Goal of the exercise. Exactly how many lines in the data below contain the string "simulink"? Give that number and nothing else.

Records contained in a dataset.
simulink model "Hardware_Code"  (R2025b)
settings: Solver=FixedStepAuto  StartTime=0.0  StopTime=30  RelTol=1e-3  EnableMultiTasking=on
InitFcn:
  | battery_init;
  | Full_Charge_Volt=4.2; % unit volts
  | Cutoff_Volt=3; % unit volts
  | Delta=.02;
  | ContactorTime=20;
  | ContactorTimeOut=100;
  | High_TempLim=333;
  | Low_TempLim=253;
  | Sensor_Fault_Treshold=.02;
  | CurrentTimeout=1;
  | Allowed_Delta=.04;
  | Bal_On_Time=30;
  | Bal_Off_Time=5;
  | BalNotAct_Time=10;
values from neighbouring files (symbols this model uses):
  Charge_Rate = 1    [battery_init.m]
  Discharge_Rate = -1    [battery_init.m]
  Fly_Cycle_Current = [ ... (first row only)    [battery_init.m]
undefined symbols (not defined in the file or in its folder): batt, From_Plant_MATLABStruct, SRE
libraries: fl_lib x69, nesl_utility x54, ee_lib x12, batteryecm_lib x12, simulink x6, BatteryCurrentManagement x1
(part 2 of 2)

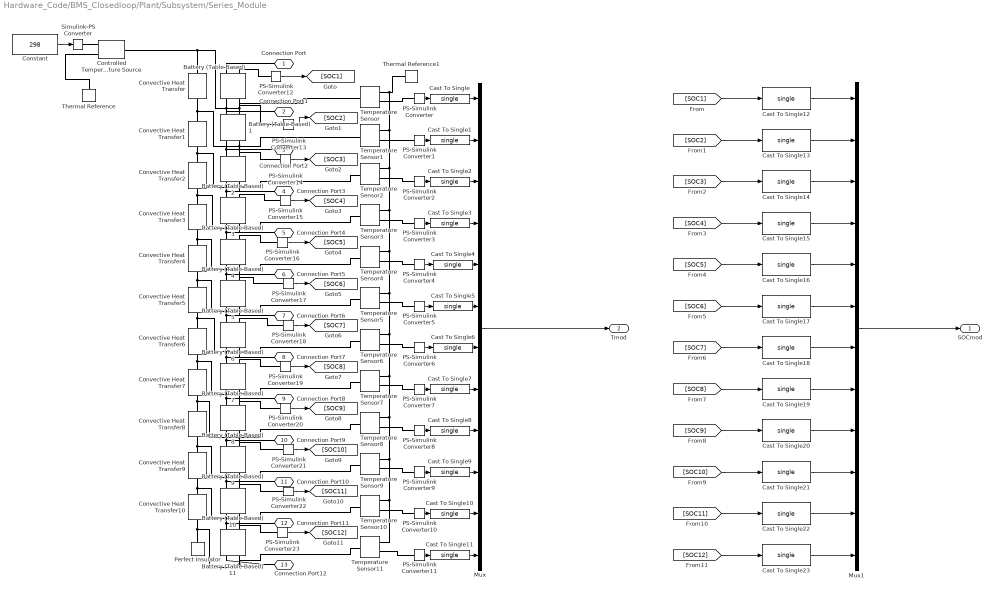
== system Hardware_Code/BMS_Closedloop/Plant/Subsystem/Series_Module ==
  Battery (Table-Based){,1..11} (12 alike) : batteryecm_lib/Battery (Table-Based)  PartSpecification="{\"CollectionId\":\"SimscapeBatteryShared\",\"CollectionVersion\":\"1.0.0\",\"DatasetId\":\"Molicel|INR_21700_P45B|simscape.battery.batteryTableBased\",\"DisplayName\":\"Molicel:INR_21700_P45B\"}"  SOC_vec=[0 0.01 0.02 0.03 0.04 0.05 0.06 0.07 0.08 0.09 0.1 0.11 0.12 0.13 0.14 0.15 0.16 0.17 0.18 0.19 0.2 0.21 0.22 0.23 0.24 0.25 0.26 0.27 0.28 0.29 0.3 0.31 0.32 0.33 0.34 0.35 0.36 0.37 0.38 0.39 0.4 0.41 0.42 0.43 0.44 0.45 0.46 0.47 0.48 0.49 0.5 0.51 0.52 0.53 0.54 0.55 0.56 0.57 0.58 0.59 0.6 0.61 0.62 0.63 0.64 0.65 0.66 0.67 0.68 0.69 0.7 0.71 0.72 0.73 0.74 0.75 0.76 0.77 0.78 0.79 0.8 0.81 0.82 0.83 0.84 0.85 0.86 0.87 0.88 0.89 0.9 0.91 0.92 0.93 0.94 0.95 0.96 0.97 0.98 0.99 1] % Datasheet derived  T_dependence=simscape.enum.tablebattery.temperature_dependence.yes  prm_dir=simscape.enum.tablebattery.prm_dir.noCurrentDirectionality  T_vec=[233.15 243.15 253.15 273.15 296.15 318.15 333.15] K  V0_mat=[3.17242 3.17242 3.17242 3.17242 3.17242 3.17242 3.17242;3.18272 3.18272 3.18272 3.18272 3.18272 3.18272 3.18272;3.19302 3.19302 3.19302 3.19302 3.19302 3.19302 3.19302;3.20331 3.20331 3.20331 3.20331 3.20331 3.20331 3.20331;3.21361 3.21361 3.21361 3.21361 3.21361 3.21361 3.21361;3.22391 3.22391 3.22391 3.22391 3.22391 3.22391 3.22391;3.23421 3.23421 3.23421 3.23421 3.23421 3.23421 3.23421;3.24451 3.24451 3.24451 3.24451 3.24451 3.24451 3.24451;3.25481 3.25481 3.25481 3.25481 3.25481 3.25481 3.25481;3.2651 3.2651 3.2651 3.2651 3.2651 3.2651 3.2651;3.2754 3.2754 3.2754 3.2754 3.2754 3.2754 3.2754;3.2857 3.2857 3.2857 3.2857 3.2857 3.2857 3.2857;3.296 3.296 3.296 3.296 3.296 3.296 3.296;3.3063 3.3063 3.3063 3.3063 3.3063 3.3063 3.3063;3.31659 3.31659 3.31659 3.31659 3.31659 3.31659 3.31659;3.32689 3.32689 3.32689 3.32689 3.32689 3.32689 3.32689;3.33719 3.33719 3.33719 3.33719 3.33719 3.33719 3.33719;3.34749 3.34749 3.34749 3.34749 3.34749 3.34749 3.34749;3.35779 3.35779 3.35779 3.35779 3.35779 3.35779 3.35779;3.36809 3.36809 3.36809 3.36809 3.36809 3.36809 3.36809;3.37838 3.37838 3.37838 3.37838 3.37838 3.37838 3.37838;3.38868 3.38868 3.38868 3.38868 3.38868 3.38868 3.38868;3.39898 3.39898 3.39898 3.39898 3.39898 3.39898 3.39898;3.40928 3.40928 3.40928 3.40928 3.40928 3.40928 3.40928;3.41958 3.41958 3.41958 3.41958 3.41958 3.41958 3.41958;3.42988 3.42988 3.42988 3.42988 3.42988 3.42988 3.42988;3.44017 3.44017 3.44017 3.44017 3.44017 3.44017 3.44017;3.45047 3.45047 3.45047 3.45047 3.45047 3.45047 3.45047;3.46077 3.46077 3.46077 3.46077 3.46077 3.46077 3.46077;3.47107 3.47107 3.47107 3.47107 3.47107 3.47107 3.47107;3.48137 3.48137 3.48137 3.48137 3.48137 3.48137 3.48137;3.49166 3.49166 3.49166 3.49166 3.49166 3.49166 3.49166;3.50196 3.50196 3.50196 3.50196 3.50196 3.50196 3.50196;3.51226 3.51226 3.51226 3.51226 3.51226 3.51226 3.51226;3.52256 3.52256 3.52256 3.52256 3.52256 3.52256 3.52256;3.53286 3.53286 3.53286 3.53286 3.53286 3.53286 3.53286;3.54316 3.54316 3.54316 3.54316 3.54316 3.54316 3.54316;3.55345 3.55345 3.55345 3.55345 3.55345 3.55345 3.55345;3.56375 3.56375 3.56375 3.56375 3.56375 3.56375 3.56375;3.57405 3.57405 3.57405 3.57405 3.57405 3.57405 3.57405;3.58435 3.58435 3.58435 3.58435 3.58435 3.58435 3.58435;3.59465 3.59465 3.59465 3.59465 3.59465 3.59465 3.59465;3.60495 3.60495 3.60495 3.60495 3.60495 3.60495 3.60495;3.61524 3.61524 3.61524 3.61524 3.61524 3.61524 3.61524;3.62554 3.62554 3.62554 3.62554 3.62554 3.62554 3.62554;3.63584 3.63584 3.63584 3.63584 3.63584 3.63584 3.63584;3.64614 3.64614 3.64614 3.64614 3.64614 3.64614 3.64614;3.65644 3.65644 3.65644 3.65644 3.65644 3.65644 3.65644;3.66673 3.66673 3.66673 3.66673 3.66673 3.66673 3.66673;3.67703 3.67703 3.67703 3.67703 3.67703 3.67703 3.67703;3.68733 3.68733 3.68733 3.68733 3.68733 3.68733 3.68733;3.69763 3.69763 3.69763 3.69763 3.69763 3.69763 3.69763;3.71041 3.71041 3.71041 3.71041 3.71041 3.71041 3.71041;3.72113 3.72113 3.72113 3.72113 3.72113 3.72113 3.72113;3.72997 3.72997 3.72997 3.72997 3.72997 3.72997 3.72997;3.73882 3.73882 3.73882 3.73882 3.73882 3.73882 3.73882;3.74912 3.74912 3.74912 3.74912 3.74912 3.74912 3.74912;3.75936 3.75936 3.75936 3.75936 3.75936 3.75936 3.75936;3.76951 3.76951 3.76951 3.76951 3.76951 3.76951 3.76951;3.7791 3.7791 3.7791 3.7791 3.7791 3.7791 3.7791;3.78865 3.78865 3.78865 3.78865 3.78865 3.78865 3.78865;3.79787 3.79787 3.79787 3.79787 3.79787 3.79787 3.79787;3.80709 3.80709 3.80709 3.80709 3.80709 3.80709 3.80709;3.8161 3.8161 3.8161 3.8161 3.8161 3.8161 3.8161;3.82509 3.82509 3.82509 3.82509 3.82509 3.82509 3.82509;3.83409 3.83409 3.83409 3.83409 3.83409 3.83409 3.83409;3.84308 3.84308 3.84308 3.84308 3.84308 3.84308 3.84308;3.85207 3.85207 3.85207 3.85207 3.85207 3.85207 3.85207;3.86107 3.86107 3.86107 3.86107 3.86107 3.86107 3.86107;3.87006 3.87006 3.87006 3.87006 3.87006 3.87006 3.87006;3.87901 3.87901 3.87901 3.87901 3.87901 3.87901 3.87901;3.88831 3.88831 3.88831 3.88831 3.88831 3.88831 3.88831;3.89824 3.89824 ...(+1594 chars)] % Datasheet derived V  V0_vec=[3.17242 3.18272 3.19302 3.20331 3.21361 3.22391 3.23421 3.24451 3.25481 3.2651 3.2754 3.2857 3.296 3.3063 3.31659 3.32689 3.33719 3.34749 3.35779 3.36809 3.37838 3.38868 3.39898 3.40928 3.41958 3.42988 3.44017 3.45047 3.46077 3.47107 3.48137 3.49166 3.50196 3.51226 3.52256 3.53286 3.54316 3.55345 3.56375 3.57405 3.58435 3.59465 3.60495 3.61524 3.62554 3.63584 3.64614 3.65644 3.66673 3.67703 3.68733 3.69763 3.71041 3.72113 3.72997 3.73882 3.74912 3.75936 3.76951 3.7791 3.78865 3.79787 3.80709 3.8161 3.82509 3.83409 3.84308 3.85207 3.86107 3.87006 3.87901 3.88831 3.89824 3.90887 3.91951 3.93012 3.94073 3.95138 3.96184 3.97226 3.98268 3.99311 4.0032 4.01221 4.01944 4.02668 4.03286 4.03874 4.04383 4.0488 4.05377 4.05873 4.06312 4.06753 4.07333 4.08117 4.08904 4.09911 4.11111 4.13802 4.16831] % Datasheet derived V  V_range=[2.25 Inf] % Datasheet derived V  R0_mat=[0.3026 0.35142 0.34349 0.24415 0.02095 0.15874 0.14729;0.2941 0.33555 0.32379 0.22614 0.01921 0.13363 0.12249;0.28559 0.31969 0.30408 0.20813 0.01774 0.10853 0.10276;0.27709 0.30382 0.28438 0.19012 0.0166 0.09423 0.0861;0.26858 0.28796 0.26468 0.17211 0.01557 0.07998 0.0748;0.26008 0.27209 0.24498 0.1541 0.01469 0.07024 0.06679;0.25157 0.25623 0.22527 0.1361 0.01398 0.06387 0.05877;0.24307 0.24036 0.20557 0.11861 0.01338 0.0575 0.05275;0.23456 0.2245 0.18587 0.10674 0.01283 0.05113 0.04899;0.22606 0.20863 0.16617 0.09525 0.01239 0.04679 0.04522;0.21755 0.19277 0.14651 0.08799 0.01196 0.0439 0.04145;0.20905 0.1769 0.13098 0.08073 0.01155 0.04101 0.03817;0.20054 0.16103 0.11905 0.07347 0.01116 0.03813 0.03522;0.19204 0.14769 0.11102 0.06895 0.01079 0.03524 0.03228;0.18353 0.13913 0.10517 0.06499 0.01042 0.03235 0.02934;0.17503 0.13157 0.09933 0.06104 0.01007 0.02946 0.0264;0.16653 0.1271 0.09371 0.05708 0.00974 0.02657 0.02345;0.15804 0.12264 0.09094 0.05312 0.00949 0.02417 0.02125;0.15354 0.11817 0.08816 0.04917 0.00924 0.02286 0.01972;0.14976 0.11385 0.08539 0.04748 0.009 0.02156 0.0182;0.14598 0.11213 0.08261 0.04617 0.00876 0.02025 0.01667;0.14219 0.11042 0.08103 0.04487 0.00855 0.01894 0.01515;0.14033 0.10871 0.08035 0.04356 0.00843 0.01763 0.01363;0.13876 0.10699 0.07967 0.04225 0.00832 0.01632 0.0121;0.13718 0.10528 0.07899 0.04094 0.00826 0.01501 0.01058;0.13561 0.10357 0.07831 0.03964 0.00825 0.0137 0.00906;0.13404 0.10198 0.07763 0.03833 0.00825 0.01239 0.00753;0.13247 0.10119 0.07695 0.03702 0.00826 0.01108 0.0065;0.13096 0.10039 0.07627 0.03624 0.00827 0.00977 0.00633;0.13043 0.0996 0.07559 0.03615 0.00828 0.00846 0.00617;0.1299 0.0988 0.07491 0.03606 0.0083 0.00774 0.006;0.12937 0.09801 0.07423 0.03597 0.00834 0.00779 0.00583;0.12883 0.09721 0.07355 0.03588 0.00838 0.00783 0.00567;0.1283 0.09642 0.07301 0.03579 0.00842 0.00787 0.0055;0.12777 0.09585 0.07296 0.0357 0.00848 0.00792 0.00534;0.12724 0.09584 0.07291 0.03561 0.00855 0.00796 0.00517;0.12675 0.09584 0.07286 0.03552 0.00863 0.00801 0.005;0.12643 0.09583 0.0728 0.03543 0.00871 0.00805 0.00484;0.12611 0.09582 0.07275 0.03534 0.00879 0.00809 0.00467;0.12579 0.09582 0.0727 0.03525 0.00887 0.00814 0.0045;0.12547 0.09581 0.07264 0.03526 0.00895 0.00818 0.00434;0.12514 0.0958 0.07259 0.03537 0.00903 0.00823 0.00405;0.12482 0.09579 0.07254 0.03547 0.00911 0.00804 0.00366;0.1245 0.09579 0.07248 0.03558 0.00918 0.00776 0.00327;0.12418 0.09578 0.07243 0.03568 0.00925 0.00748 0.00287;0.12386 0.09577 0.07231 0.03579 0.00931 0.0072 0.00248;0.12354 0.09576 0.0721 0.03589 0.00938 0.00692 0.00209;0.12322 0.09576 0.07189 0.036 0.00946 0.00664 0.0017;0.12301 0.09575 0.07168 0.03611 0.00953 0.00636 0.00131;0.12309 0.09574 0.07147 0.03621 0.00961 0.00608 0.00092;0.12318 0.09573 0.07125 0.0363 0.00968 0.0058 0.00053;0.12326 0.09573 0.07104 0.03637 0.00976 0.00552 0.00014;0.12389 0.09628 0.07138 0.03699 0.00991 0.00579 0.0003;0.12407 0.09637 0.07126 0.03715 0.01 0.0056 0.0003;0.12383 0.09605 0.07073 0.0369 0.01003 0.00504 0.0003;0.12359 0.09573 0.07019 0.03664 0.01006 0.00503 0.0003;0.12367 0.09573 0.06998 0.03671 0.01013 0.00534 0.00063;0.12375 0.09572 0.06975 0.03677 0.01022 0.00564 0.00094;0.1238 0.09569 0.07006 0.0368 0.0103 0.00593 0.00123;0.12372 0.09554 0.07026 0.03671 0.01037 0.00608 0.00139;0.12364 0.09537 0.07046 0.03661 0.01043 0.00623 0.00155;0.12348 0.09514 0.07058 0.03644 0.01049 0.0063 0.00163;0.12333 0.0949 0.07071 0.03627 0.01055 0.00638 0.00171;0.12312 0.09461 0.07078 0.03605 0.01061 0.00641 0.00175;0.12291 0.09433 0.07085 0.03583 0.01066 0.00643 0.00168;0.12271 0.09404 0.07093 0.03568 0.01072 0.00646 0.00161;0.12275 0.09398 0.071 0.03622 0.01077 0.00646 0.00153;0.12316 0.09449 0.07107 0.03677 0.01082 0.00636 0.00145;0.12357 0.095 0.07115 0.03731 0.01088 0.00625 0.00137;0.12398 0.09551 0.07151 0.03785 0.01093 0.00614 0.00129;0.12438 0.09601 0.07221 0.03839 0.01099 0.00602 0.0012;0.12486 0.09659 0.07299 0.039 0.01105 0.00599 0.00119;0.12548 0.09731 0.07391 ...(+1579 chars)] % Datasheet derived Ohm  R0_vec=[0.02095 0.01921 0.01774 0.0166 0.01557 0.01469 0.01398 0.01338 0.01283 0.01239 0.01196 0.01155 0.01116 0.01079 0.01042 0.01007 0.00974 0.00949 0.00924 0.009 0.00876 0.00855 0.00843 0.00832 0.00826 0.00825 0.00825 0.00826 0.00827 0.00828 0.0083 0.00834 0.00838 0.00842 0.00848 0.00855 0.00863 0.00871 0.00879 0.00887 0.00895 0.00903 0.00911 0.00918 0.00925 0.00931 0.00938 0.00946 0.00953 0.00961 0.00968 0.00976 0.00991 0.01 0.01003 0.01006 0.01013 0.01022 0.0103 0.01037 0.01043 0.01049 0.01055 0.01061 0.01066 0.01072 0.01077 0.01082 0.01088 0.01093 0.01099 0.01105 0.01114 0.01125 0.01136 0.01148 0.01161 0.01175 0.01188 0.01202 0.01215 0.01228 0.01241 0.01253 0.01261 0.01269 0.01275 0.0128 0.01285 0.01289 0.01294 0.01298 0.01296 0.01292 0.01292 0.01288 0.01282 0.0128 0.01232 0.01214 0.00952] % Datasheet derived Ohm  R0_dis_mat=[.0117, .0085, .009; .011, .0085, .009; .0114, .0087, .0092; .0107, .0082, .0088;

Answer to this exercise. 2